(Extracted records)
-*-
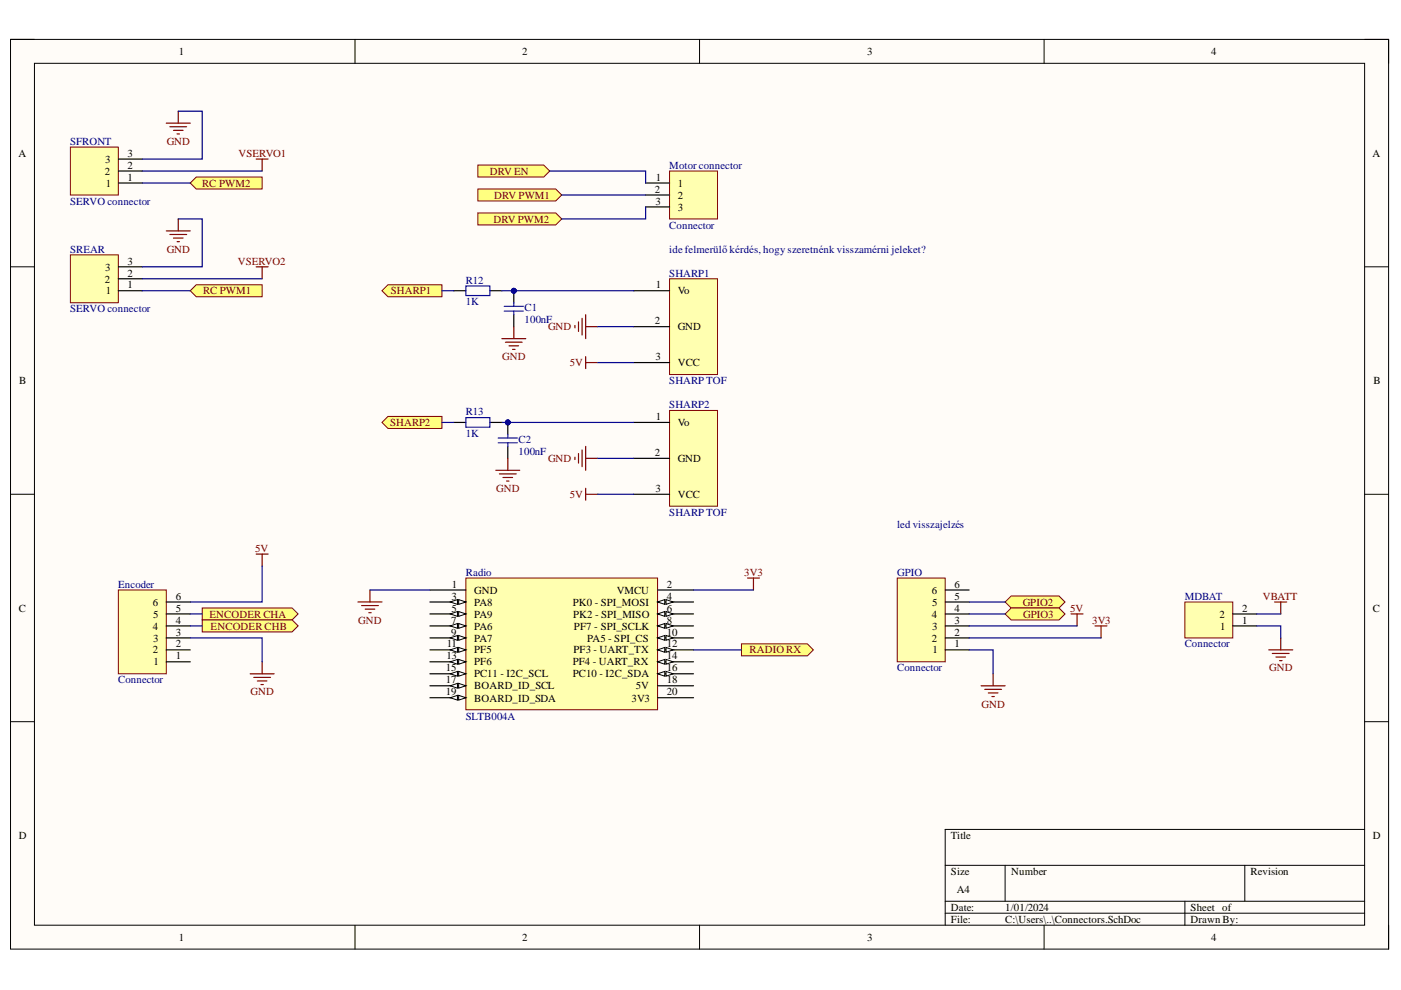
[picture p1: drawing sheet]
<svg xmlns="http://www.w3.org/2000/svg" width="297mm" height="210mm" viewBox="0 0 297 210" stroke-linecap="round" stroke-linejoin="round" font-family="sans-serif">
<path d="M2.2 8.4h292.2v192.8h-292.2z" fill-rule="evenodd" fill="#fffcf8"/>
<path d="M2.2 8.4h292.2v192.8h-292.2z" fill="none" stroke="#000" stroke-width=".21"/>
<path d="M7.3 13.4h282v182.8h-282z" fill-rule="evenodd" fill="#fffcf8"/>
<g fill="none" stroke="#000" stroke-width=".21">
<path d="M2.2 8.3h5.1M7.3 13.4h282v182.8h-282zM75.3 8.3v5.1M148.3 8.3v5.1M221.4 8.4v5M289.3 8.4h5.1v5M2.2 56.6h5.1M289.3 56.6h5.1M2.2 104.8h5.1M289.3 104.8h5.1M2.2 153h5.1M289.3 153h5.1"/>
<path d="M289.3 175.9h-88.9v20.3M75.3 196.2v5M148.3 196.2v5M200.4 183.5h88.9M200.4 191.1h88.9M200.4 193.6h88.9M213.1 183.5v7.6M221.4 196.2v5M251.2 191.1v5.1M263.9 183.5v7.6M294.4 196.2v5"/>
</g>
<path d="M35.3 26.1h5M36 26.9h3.6M36.8 27.6h2M37.5 28.4h.5M37.8 23.6v2.5M53 142.9h5.1M53.8 143.6h3.6M54.6 144.4h2M55.3 145.1h.5M55.6 140.3v2.6" fill="none" stroke="#800000" stroke-width=".25"/>
<path d="M40.3 61.6l1.3-1.2h14v2.5h-14z" fill-rule="evenodd" fill="#ffff80"/>
<path d="M40.3 61.6l1.3-1.2h14v2.5h-14z" fill="none" stroke="#800000" stroke-width=".21"/>
<path d="M35.3 49h5M36 49.7h3.6M36.8 50.5h2M37.5 51.2h.5M37.8 46.4v2.6" fill="none" stroke="#800000" stroke-width=".25"/>
<path d="M40.3 38.8l1.3-1.3h14v2.6h-14z" fill-rule="evenodd" fill="#ffff80"/>
<path d="M40.3 38.8l1.3-1.3h14v2.6h-14z" fill="none" stroke="#800000" stroke-width=".21"/>
<path d="M42.9 128.9h19l1.3 1.3-1.3 1.2h-19z" fill-rule="evenodd" fill="#ffff80"/>
<path d="M42.9 128.9h19l1.3 1.3-1.3 1.2h-19z" fill="none" stroke="#800000" stroke-width=".21"/>
<path d="M42.9 131.4h19l1.3 1.3-1.3 1.3h-19z" fill-rule="evenodd" fill="#ffff80"/>
<path d="M42.9 131.4h19l1.3 1.3-1.3 1.3h-19z" fill="none" stroke="#800000" stroke-width=".21"/>
<path d="M214.4 126.4h10.1l1.3 1.2-1.3 1.3h-10.1l-1.3-1.3z" fill-rule="evenodd" fill="#ffff80"/>
<path d="M214.4 126.4h10.1l1.3 1.2-1.3 1.3h-10.1l-1.3-1.3z" fill="none" stroke="#800000" stroke-width=".21"/>
<path d="M213.1 130.2l1.3-1.3h10.1l1.3 1.3-1.3 1.2h-10.1z" fill-rule="evenodd" fill="#ffff80"/>
<path d="M213.1 130.2l1.3-1.3h10.1l1.3 1.3-1.3 1.2h-10.1z" fill="none" stroke="#800000" stroke-width=".21"/>
<path d="M101.3 35h14l1.3 1.3-1.3 1.2h-14z" fill-rule="evenodd" fill="#ffff80"/>
<path d="M101.3 35h14l1.3 1.3-1.3 1.2h-14z" fill="none" stroke="#800000" stroke-width=".21"/>
<path d="M101.3 40.1h16.5l1.3 1.2-1.3 1.3h-16.5z" fill-rule="evenodd" fill="#ffff80"/>
<path d="M101.3 40.1h16.5l1.3 1.2-1.3 1.3h-16.5z" fill="none" stroke="#800000" stroke-width=".21"/>
<path d="M101.3 45.2h16.5l1.3 1.2-1.3 1.3h-16.5z" fill-rule="evenodd" fill="#ffff80"/>
<path d="M101.3 45.2h16.5l1.3 1.2-1.3 1.3h-16.5z" fill="none" stroke="#800000" stroke-width=".21"/>
<path d="M227.1 130.2h2.5M228.4 130.2v2.5M208 145.4h5.1M208.8 146.2h3.5M209.5 146.9h2.1M210.3 147.7h.5M210.6 142.9v2.5" fill="none" stroke="#800000" stroke-width=".25"/>
<path d="M190.2 122.6h10.2v17.7h-10.2z" fill-rule="evenodd" fill="#ffffb0"/>
<path d="M190.2 122.6h10.2v17.7h-10.2z" fill="none" stroke="#800000" stroke-width=".21"/>
<path d="M200.4 137.8h5.1M200.4 135.3h5.1M200.4 132.7h5.1M200.4 130.2h5.1M200.4 127.6h5.1M200.4 125.1h5.1" fill="none" stroke="#000" stroke-width=".25"/>
<path d="M25.1 125.1h10.2v17.8h-10.2z" fill-rule="evenodd" fill="#ffffb0"/>
<path d="M25.1 125.1h10.2v17.8h-10.2z" fill="none" stroke="#800000" stroke-width=".21"/>
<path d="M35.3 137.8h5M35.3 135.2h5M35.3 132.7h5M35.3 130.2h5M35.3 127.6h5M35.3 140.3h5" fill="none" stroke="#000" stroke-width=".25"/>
-*-
WHAT THE TASK ASKS:
Copy out the data verbatim, excluding the pictures.

RESPONSE BELOW:
[picture p1: drawing sheet]
<svg xmlns="http://www.w3.org/2000/svg" width="297mm" height="210mm" viewBox="0 0 297 210" stroke-linecap="round" stroke-linejoin="round" font-family="sans-serif">
<path d="M2.2 8.4h292.2v192.8h-292.2z" fill-rule="evenodd" fill="#fffcf8"/>
<path d="M2.2 8.4h292.2v192.8h-292.2z" fill="none" stroke="#000" stroke-width=".21"/>
<path d="M7.3 13.4h282v182.8h-282z" fill-rule="evenodd" fill="#fffcf8"/>
<g fill="none" stroke="#000" stroke-width=".21">
<path d="M2.2 8.3h5.1M7.3 13.4h282v182.8h-282zM75.3 8.3v5.1M148.3 8.3v5.1M221.4 8.4v5M289.3 8.4h5.1v5M2.2 56.6h5.1M289.3 56.6h5.1M2.2 104.8h5.1M289.3 104.8h5.1M2.2 153h5.1M289.3 153h5.1"/>
<path d="M289.3 175.9h-88.9v20.3M75.3 196.2v5M148.3 196.2v5M200.4 183.5h88.9M200.4 191.1h88.9M200.4 193.6h88.9M213.1 183.5v7.6M221.4 196.2v5M251.2 191.1v5.1M263.9 183.5v7.6M294.4 196.2v5"/>
</g>
<path d="M35.3 26.1h5M36 26.9h3.6M36.8 27.6h2M37.5 28.4h.5M37.8 23.6v2.5M53 142.9h5.1M53.8 143.6h3.6M54.6 144.4h2M55.3 145.1h.5M55.6 140.3v2.6" fill="none" stroke="#800000" stroke-width=".25"/>
<path d="M40.3 61.6l1.3-1.2h14v2.5h-14z" fill-rule="evenodd" fill="#ffff80"/>
<path d="M40.3 61.6l1.3-1.2h14v2.5h-14z" fill="none" stroke="#800000" stroke-width=".21"/>
<path d="M35.3 49h5M36 49.7h3.6M36.8 50.5h2M37.5 51.2h.5M37.8 46.4v2.6" fill="none" stroke="#800000" stroke-width=".25"/>
<path d="M40.3 38.8l1.3-1.3h14v2.6h-14z" fill-rule="evenodd" fill="#ffff80"/>
<path d="M40.3 38.8l1.3-1.3h14v2.6h-14z" fill="none" stroke="#800000" stroke-width=".21"/>
<path d="M42.9 128.9h19l1.3 1.3-1.3 1.2h-19z" fill-rule="evenodd" fill="#ffff80"/>
<path d="M42.9 128.9h19l1.3 1.3-1.3 1.2h-19z" fill="none" stroke="#800000" stroke-width=".21"/>
<path d="M42.9 131.4h19l1.3 1.3-1.3 1.3h-19z" fill-rule="evenodd" fill="#ffff80"/>
<path d="M42.9 131.4h19l1.3 1.3-1.3 1.3h-19z" fill="none" stroke="#800000" stroke-width=".21"/>
<path d="M214.4 126.4h10.1l1.3 1.2-1.3 1.3h-10.1l-1.3-1.3z" fill-rule="evenodd" fill="#ffff80"/>
<path d="M214.4 126.4h10.1l1.3 1.2-1.3 1.3h-10.1l-1.3-1.3z" fill="none" stroke="#800000" stroke-width=".21"/>
<path d="M213.1 130.2l1.3-1.3h10.1l1.3 1.3-1.3 1.2h-10.1z" fill-rule="evenodd" fill="#ffff80"/>
<path d="M213.1 130.2l1.3-1.3h10.1l1.3 1.3-1.3 1.2h-10.1z" fill="none" stroke="#800000" stroke-width=".21"/>
<path d="M101.3 35h14l1.3 1.3-1.3 1.2h-14z" fill-rule="evenodd" fill="#ffff80"/>
<path d="M101.3 35h14l1.3 1.3-1.3 1.2h-14z" fill="none" stroke="#800000" stroke-width=".21"/>
<path d="M101.3 40.1h16.5l1.3 1.2-1.3 1.3h-16.5z" fill-rule="evenodd" fill="#ffff80"/>
<path d="M101.3 40.1h16.5l1.3 1.2-1.3 1.3h-16.5z" fill="none" stroke="#800000" stroke-width=".21"/>
<path d="M101.3 45.2h16.5l1.3 1.2-1.3 1.3h-16.5z" fill-rule="evenodd" fill="#ffff80"/>
<path d="M101.3 45.2h16.5l1.3 1.2-1.3 1.3h-16.5z" fill="none" stroke="#800000" stroke-width=".21"/>
<path d="M227.1 130.2h2.5M228.4 130.2v2.5M208 145.4h5.1M208.8 146.2h3.5M209.5 146.9h2.1M210.3 147.7h.5M210.6 142.9v2.5" fill="none" stroke="#800000" stroke-width=".25"/>
<path d="M190.2 122.6h10.2v17.7h-10.2z" fill-rule="evenodd" fill="#ffffb0"/>
<path d="M190.2 122.6h10.2v17.7h-10.2z" fill="none" stroke="#800000" stroke-width=".21"/>
<path d="M200.4 137.8h5.1M200.4 135.3h5.1M200.4 132.7h5.1M200.4 130.2h5.1M200.4 127.6h5.1M200.4 125.1h5.1" fill="none" stroke="#000" stroke-width=".25"/>
<path d="M25.1 125.1h10.2v17.8h-10.2z" fill-rule="evenodd" fill="#ffffb0"/>
<path d="M25.1 125.1h10.2v17.8h-10.2z" fill="none" stroke="#800000" stroke-width=".21"/>
<path d="M35.3 137.8h5M35.3 135.2h5M35.3 132.7h5M35.3 130.2h5M35.3 127.6h5M35.3 140.3h5" fill="none" stroke="#000" stroke-width=".25"/>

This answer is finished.